What is the availibilty of "Union Pacific Yellow Paint" for converting rolling stock to the proper color. Just in Case.


----------



## up9018 (Jan 4, 2008)

Union Pacific's yellow is Armour Yellow, and is available from just about any hobby ship that carries paint.


----------



## Jerry Barnes (Jan 2, 2008)

No hobby shops around here. I've found the spray can brand XO Rust's 'Caution Yellow' to work pretty good.


----------



## Stan Cedarleaf (Jan 2, 2008)

I've been quite successful matching paint colors by bringing a car part, full car or locomotive into ACE Hardware and asking them to scan it (them) for a color match. Then I buy a quart of Exterior Acrylic Gloss or Satin paint, thin it for air brush consistancy for use in the airbrush. 

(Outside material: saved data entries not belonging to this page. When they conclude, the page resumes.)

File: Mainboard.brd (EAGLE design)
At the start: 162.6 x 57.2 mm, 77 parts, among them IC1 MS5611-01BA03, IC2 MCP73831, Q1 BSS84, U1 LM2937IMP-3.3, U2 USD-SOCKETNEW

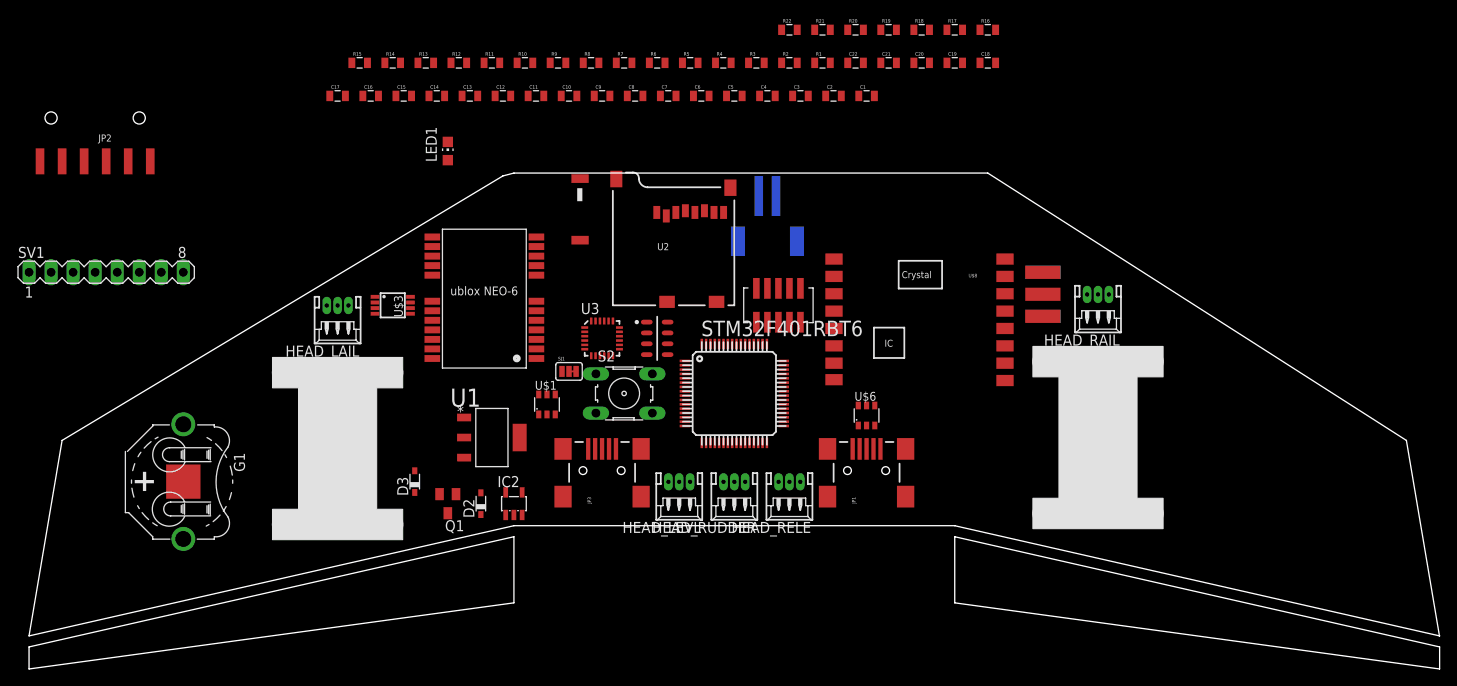
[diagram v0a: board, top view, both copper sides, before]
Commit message: Updated board and schematic, added power switch. changed connectors. Improved wing shape.
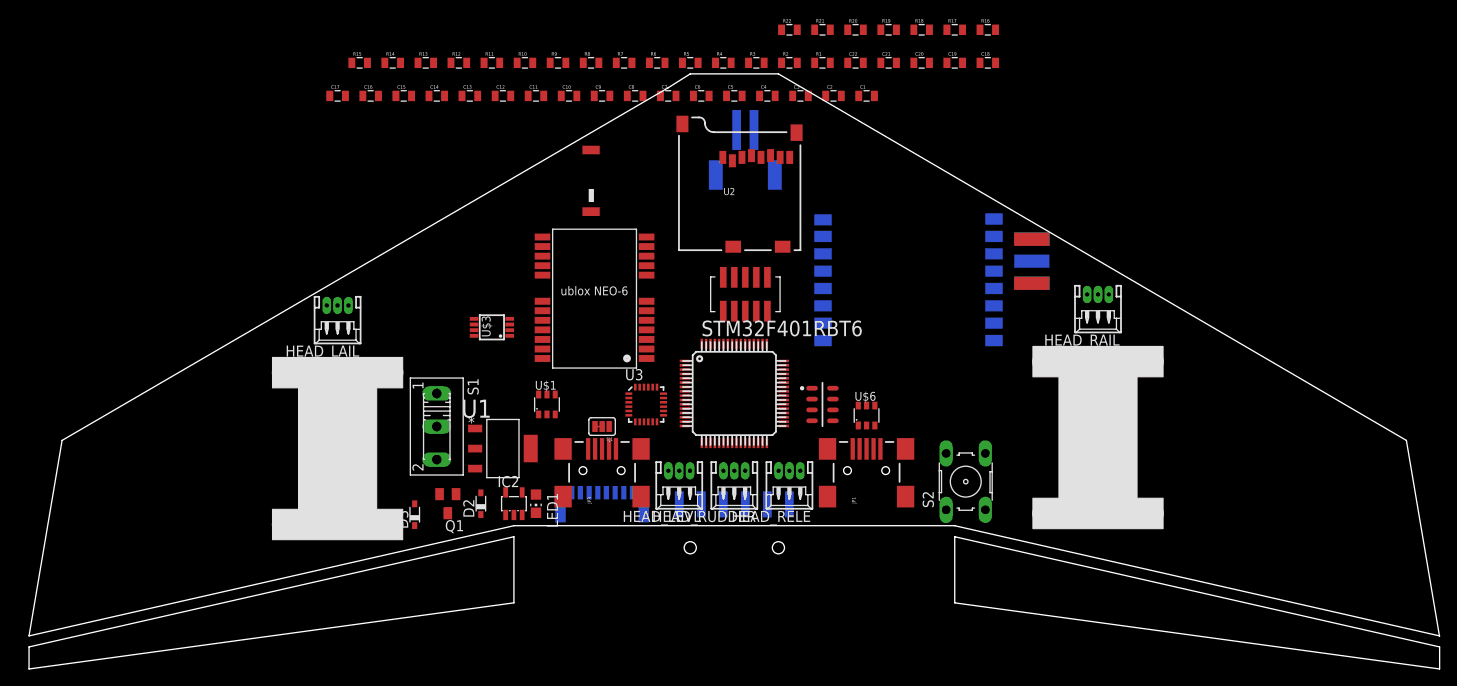
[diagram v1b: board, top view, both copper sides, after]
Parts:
- removed G1: BATTERY-HOLDER_11.6MM, battery:CELL_RETAINER_11.6MM
- removed SV1: (no value), con-lstb:MA08-1
- added JP4: (no value), SparkFun-Connectors:BM08B-SRSS-TB
- added S1: (no value), switch:255SB
- moved JP2 88.8 mm to (81.3, 10.2), flipped to the bottom, turned to 0 degrees
- moved LED1 41.9 mm to (58.4, 15.2), turned to 180 degrees
- moved S2 40.7 mm to (108.0, 17.8), turned to 90 degrees
- moved IC1 20.5 mm to (91.4, 26.7)
- moved U$5 12.7 mm to (64.8, 39.4)
- moved U$3 11.7 mm to (53.3, 35.6), turned to 90 degrees
- moved U2 9.92 mm to (88.9, 44.5)
- moved U3 9.16 mm to (71.1, 26.7)
- moved J1 8.03 mm to (82.5, 54.6)
- moved SJ1 7.41 mm to (66.0, 24.1), turned to 180 degrees
- moved U$8 4.02 mm to (101.6, 40.6), flipped to the bottom, turned to 180 degrees
- moved U$2 4.02 mm to (82.5, 39.4)
- moved D3 3.81 mm to (44.5, 14.0)
- moved U$4 2.84 mm to (64.8, 52.1), turned to 90 degrees
- moved J$1 1.80 mm to (115.6, 40.6), flipped to the bottom, turned to 90 degrees
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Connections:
- removed net N$29: G1.P+@1, G1.P+@2, U$5.22_V_BCKP
- new net N$2: C21.2, J1.2, S1.2
- net +4.1V: now also S1.3; no longer C21.2, J1.2
- net ADC1_IN10: now also JP4.6; no longer SV1.6
- net ADC1_IN11: now also JP4.5; no longer SV1.5
- net ADC1_IN12: now also JP4.4; no longer SV1.4
- net ADC1_IN13: now also JP4.3; no longer SV1.3
- net ADC1_IN14: now also JP4.2; no longer SV1.2
- net ADC1_IN15: now also JP4.1; no longer SV1.1
- net GND: now also JP4.7; no longer G1.N-, SV1.7
- net VDD: now also JP4.8; no longer SV1.8
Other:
- board size 162.6 x 57.2 mm -> 162.6 x 68.6 mm

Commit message: Updated PCB and added calculations spreadsheet
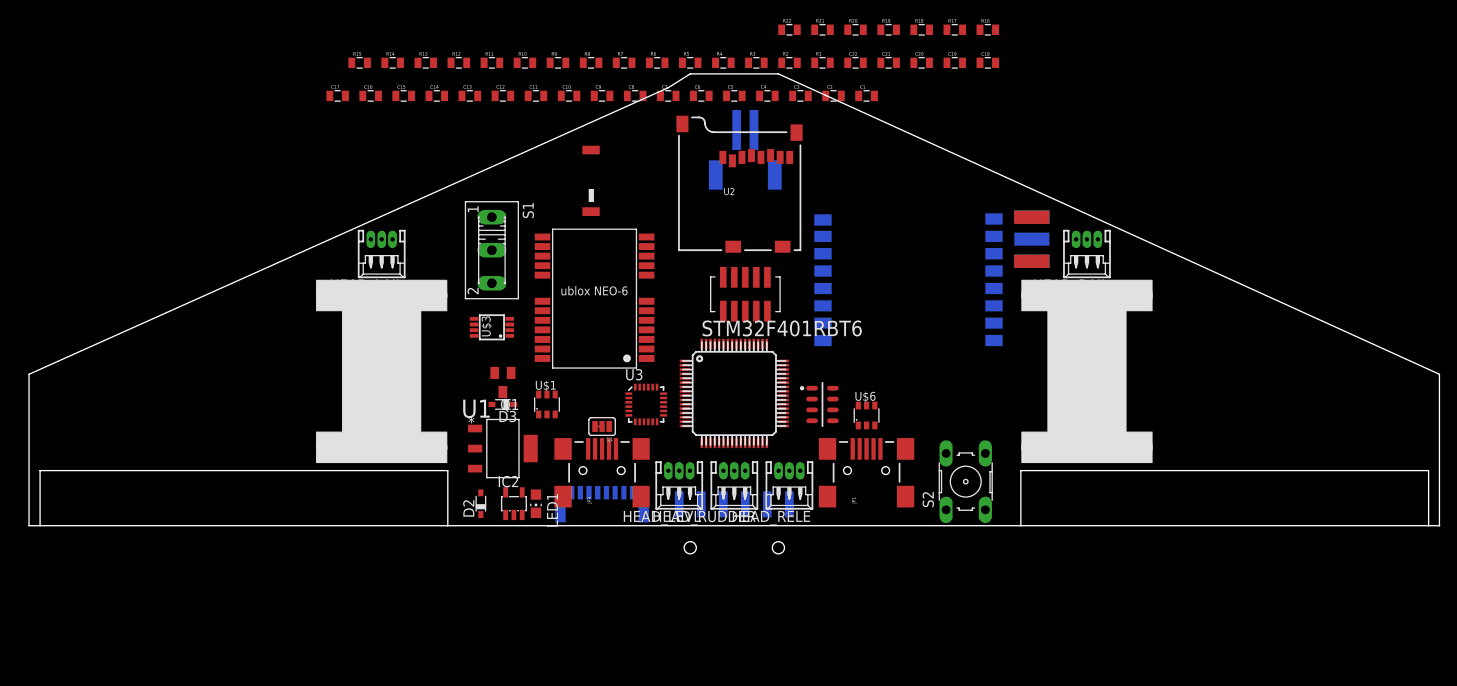
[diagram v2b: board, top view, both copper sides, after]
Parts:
- moved S1 21.3 mm to (53.3, 44.5)
- moved D3 16.3 mm to (54.6, 26.7), turned to 180 degrees
- moved Q1 15.3 mm to (54.6, 29.2)
- moved U$7 10.2 mm to (40.6, 30.5)
- moved HEAD_LAIL 9.16 mm to (40.6, 44.5)
- moved U$9 7.73 mm to (121.9, 30.5)
- moved HEAD_RAIL 6.48 mm to (121.9, 44.5)
- moved J$1 2.54 mm to (115.6, 43.2)
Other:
- board size 162.6 x 68.6 mm -> 162.6 x 52.1 mm

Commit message: Started initial routing
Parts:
- moved SJ1 1.61 mm to (67.6, 24.6), turned to 270 degrees
- moved U$6 0.26 mm to (96.5, 25.7), turned to 180 degrees
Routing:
- net VDD: track 0.00 -> 61.2 mm
- net GND: track 0.00 -> 11.9 mm
- net N$13: track 0.00 -> 8.86 mm
- net N$15: track 0.00 -> 5.37 mm
- net N$1: track 0.00 -> 4.53 mm
- net N$30: track 0.00 -> 1.10 mm
- net N$3: track 0.00 -> 0.57 mm
- added copper zone on layer 1, net GND
- added copper zone on layer 16, net GND
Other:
- outline, holes or cut-outs redrawn

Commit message: Board rearranged
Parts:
- moved U$4 55.7 mm to (10.3, 40.8)
- moved C14 53.0 mm to (90.0, 31.4)
- moved C21 51.3 mm to (74.1, 21.2)
- moved U$5 49.9 mm to (15.8, 29.5), turned to 90 degrees
- moved J$1 45.4 mm to (159.4, 31.3)
- moved C1 45.3 mm to (74.2, 22.8)
- moved U$8 43.7 mm to (143.5, 28.3)
- moved U$3 42.8 mm to (13.2, 20.7), turned to 270 degrees
- moved U2 41.8 mm to (50.4, 28.2), turned to 180 degrees
- moved R12 40.8 mm to (77.7, 36.6)
- moved R16 40.4 mm to (72.4, 56.3)
- moved R17 37.7 mm to (72.3, 54.3)
- moved C13 35.9 mm to (77.8, 38.6)
- moved R18 35.1 mm to (72.4, 52.4)
- moved R20 34.5 mm to (88.7, 36.0)
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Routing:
- net VDD: track 61.2 -> 0.00 mm
- net GND: track 11.9 -> 0.00 mm
- net N$13: track 8.86 -> 0.00 mm
- net N$15: track 5.37 -> 0.00 mm
- net N$1: track 4.53 -> 0.00 mm
- net N$30: track 1.10 -> 0.00 mm
- net N$3: track 0.57 -> 0.00 mm
- removed copper zone on layer 1, net GND
- removed copper zone on layer 16, net GND
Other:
- outline, holes or cut-outs redrawn

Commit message: Started wiring board
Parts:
- removed C1, C3: 0.1uF, SparkFun-Capacitors:0805
- removed C10, C5, C9: 1uF, SparkFun-Capacitors:0805
- removed C11, C21, C8: 10uF, SparkFun-Capacitors:0805
- removed C12, C13, C14, C16, C2, C6: 2.2nF, SparkFun-Capacitors:0805
- removed C15, C22: 100nF, SparkFun-Capacitors:0805
- removed C17, C18, C19, C20, C7: 100n, SparkFun-Capacitors:0805
- removed C4: 4.7uF, SparkFun-Capacitors:0805
- added C10_LM2937_3, C5_MCP73831_4, C9_LM2937_1: 1uF, SparkFun-Capacitors:0805
- added C11_LM2937_3, C21_MCP73831_VSS, C8_LM2937_1: 10uF, SparkFun-Capacitors:0805
- added C12_RFM69_8, C13_RFM69_8, C14_RFM69_1, C16_STM32_13, C2_MPU_20, C6_USB_VBUS: 2.2nF, SparkFun-Capacitors:0805
- added C15_MS5611_1, C22_JTAG_VCC: 100nF, SparkFun-Capacitors:0805
- added C17_STM32_32, C18_STM32_48, C19_STM32_64, C20_STM32_19, C7_RESET_DEBOUNCE: 100n, SparkFun-Capacitors:0805
- added C1_MPU_10, C3_MPU_3: 0.1uF, SparkFun-Capacitors:0805
- added C4_MCP73831_4: 4.7uF, SparkFun-Capacitors:0805
- moved R2 77.0 mm to (24.7, 21.7)
- moved R13 73.5 mm to (105.8, 23.7), turned to 180 degrees
- moved R10 60.5 mm to (10.3, 27.7)
- moved R11 58.8 mm to (10.3, 26.0)
- moved R7 52.3 mm to (101.3, 25.3)
- moved R8 52.1 mm to (97.6, 25.6)
- moved JP3 52.0 mm to (4.24, 30.7), flipped to the top, turned to 0 degrees
- moved R1 49.9 mm to (56.4, 30.5), turned to 270 degrees
- moved R15 47.8 mm to (24.7, 20.1)
- moved U$1 45.0 mm to (10.4, 30.8), flipped to the top
- moved R3 43.6 mm to (58.5, 30.5), turned to 270 degrees
- moved S1 39.9 mm to (93.1, 48.0)
- moved R17 29.9 mm to (54.2, 30.5), turned to 270 degrees
- moved R18 29.9 mm to (52.2, 30.5), turned to 270 degrees
- moved R19 28.4 mm to (87.5, 43.9), turned to 90 degrees
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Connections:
- net GND: now also C10_LM2937_3.2, C11_LM2937_3.2, C12_RFM69_8.2, C13_RFM69_8.2, C14_RFM69_1.2, C15_MS5611_1.1, C16_STM32_13.2, C17_STM32_32.1, C18_STM32_48.1, C19_STM32_64.1, C1_MPU_10.2, C20_STM32_19.1, C21_MCP73831_VSS.1, C22_JTAG_VCC.1, C2_MPU_20.2, C3_MPU_3.2, C4_MCP73831_4.2, C5_MCP73831_4.2, C6_USB_VBUS.1, C7_RESET_DEBOUNCE.2, C8_LM2937_1.2, C9_LM2937_1.2; no longer C1.2, C10.2, C11.2, C12.2, C13.2, C14.2, C15.1, C16.2, C17.1, C18.1, C19.1, C2.2, C20.1, C21.1, C22.1, C3.2, C4.2, C5.2, C6.1, C7.2, C8.2, C9.2
- net N$1: now also C4_MCP73831_4.1, C5_MCP73831_4.1; no longer C4.1, C5.1
- net N$13: now also C8_LM2937_1.1, C9_LM2937_1.1; no longer C8.1, C9.1
- net N$18: now also C1_MPU_10.1; no longer C1.1
- net N$2: now also C21_MCP73831_VSS.2; no longer C21.2
- net N$21: now also C2_MPU_20.1; no longer C2.1
- net N$28: now also C6_USB_VBUS.2; no longer C6.2
- net NRST: now also C7_RESET_DEBOUNCE.1; no longer C7.1
- net RFM_RST: now also C14_RFM69_1.1; no longer C14.1
- net VDD: now also C10_LM2937_3.1, C11_LM2937_3.1, C12_RFM69_8.1, C13_RFM69_8.1, C15_MS5611_1.2, C16_STM32_13.1, C17_STM32_32.2, C18_STM32_48.2, C19_STM32_64.2, C20_STM32_19.2, C22_JTAG_VCC.2, C3_MPU_3.1; no longer C10.1, C11.1, C12.1, C13.1, C15.2, C16.1, C17.2, C18.2, C19.2, C20.2, C22.2, C3.1
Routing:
- net GND: track 0.00 -> 139.4 mm
- net VDD: track 0.00 -> 60.6 mm
- net SDIO_CLK: track 0.00 -> 58.6 mm, vias 0 -> 2
- net SDIO_D1: track 0.00 -> 52.5 mm, vias 0 -> 2
- net SDIO_CMD: track 0.00 -> 51.2 mm, vias 0 -> 2
- net SDIO_D3: track 0.00 -> 47.4 mm, vias 0 -> 2
- net SDIO_D2: track 0.00 -> 46.4 mm, vias 0 -> 2
- net +4.1V: track 0.00 -> 45.9 mm
- net N$2: track 0.00 -> 33.6 mm
- net SCL: track 0.00 -> 25.0 mm, vias 0 -> 2
- net SDA: track 0.00 -> 24.6 mm, vias 0 -> 2
- net N$1: track 0.00 -> 23.4 mm
- net TIM4_CH3: track 0.00 -> 23.2 mm, vias 0 -> 1
- net JTDI: track 0.00 -> 22.8 mm
- net N$28: track 0.00 -> 19.9 mm
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
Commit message: Further routing
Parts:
- moved C6_USB_VBUS 81.7 mm to (12.8, 33.9), turned to 270 degrees
- moved JP2 33.7 mm to (103.4, 35.6), flipped to the top, turned to 90 degrees
- moved JP4 15.0 mm to (81.3, 16.3), flipped to the top
- moved R7 5.78 mm to (96.1, 22.8), turned to 270 degrees
- moved C22_JTAG_VCC 4.70 mm to (89.4, 40.8)
- moved U$6 4.04 mm to (97.2, 26.7)
- moved R8 2.74 mm to (97.5, 22.8), turned to 270 degrees
- moved U$2 1.37 mm to (82.9, 51.0)
- moved R19 0.26 mm to (87.8, 43.9), turned to 270 degrees
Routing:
- net VDD: track 60.6 -> 250.2 mm, vias 0 -> 2
- net GND: track 139.4 -> 258.1 mm, vias 0 -> 2
- net USART2_RX: track 0.00 -> 81.9 mm, vias 0 -> 2
- net USART2_TX: track 0.22 -> 78.6 mm, vias 0 -> 2
- net GPS_WAKE: track 0.00 -> 60.0 mm
- net TIMEPULSE: track 0.00 -> 58.4 mm
- net ADC1_IN12: track 0.00 -> 26.5 mm
- net ADC1_IN13: track 0.00 -> 24.9 mm
- net ADC1_IN10: track 0.00 -> 24.3 mm
- net ADC1_IN11: track 0.00 -> 23.9 mm
- net TIM3_CH4: track 18.6 -> 0.00 mm
- net N$13: track 7.99 -> 24.8 mm, vias 0 -> 2
- net ADC1_IN14: track 0.00 -> 15.1 mm
- net ADC1_IN15: track 0.00 -> 14.8 mm
- net JTMS: track 0.00 -> 14.1 mm

It's worked extremely well for me. I've painted box cars and reefers in Milkwaukee orange and Rio Grande yellow using the scanned colors. They turned out right nice.


----------



## Tom Thornton (Nov 18, 2008)

Cool idea Stan! I have done this for the house but for trains never. I have to try this one. 

Tom Thornton


----------



## Stan Cedarleaf (Jan 2, 2008)

Posted By Tom Thornton on 01 Mar 2010 05:34 PM 



Cool idea Stan! I have done this for the house but for trains never. I have to try this one. 

Tom Thornton 



It works right nicely, Tom. I've even painted some wood sided boxcars with a 2 inch trim brush. The 10 foot rule doesn't even apply. 6 inches with a magnifying glass has a hard time telling it was brush painted.


----------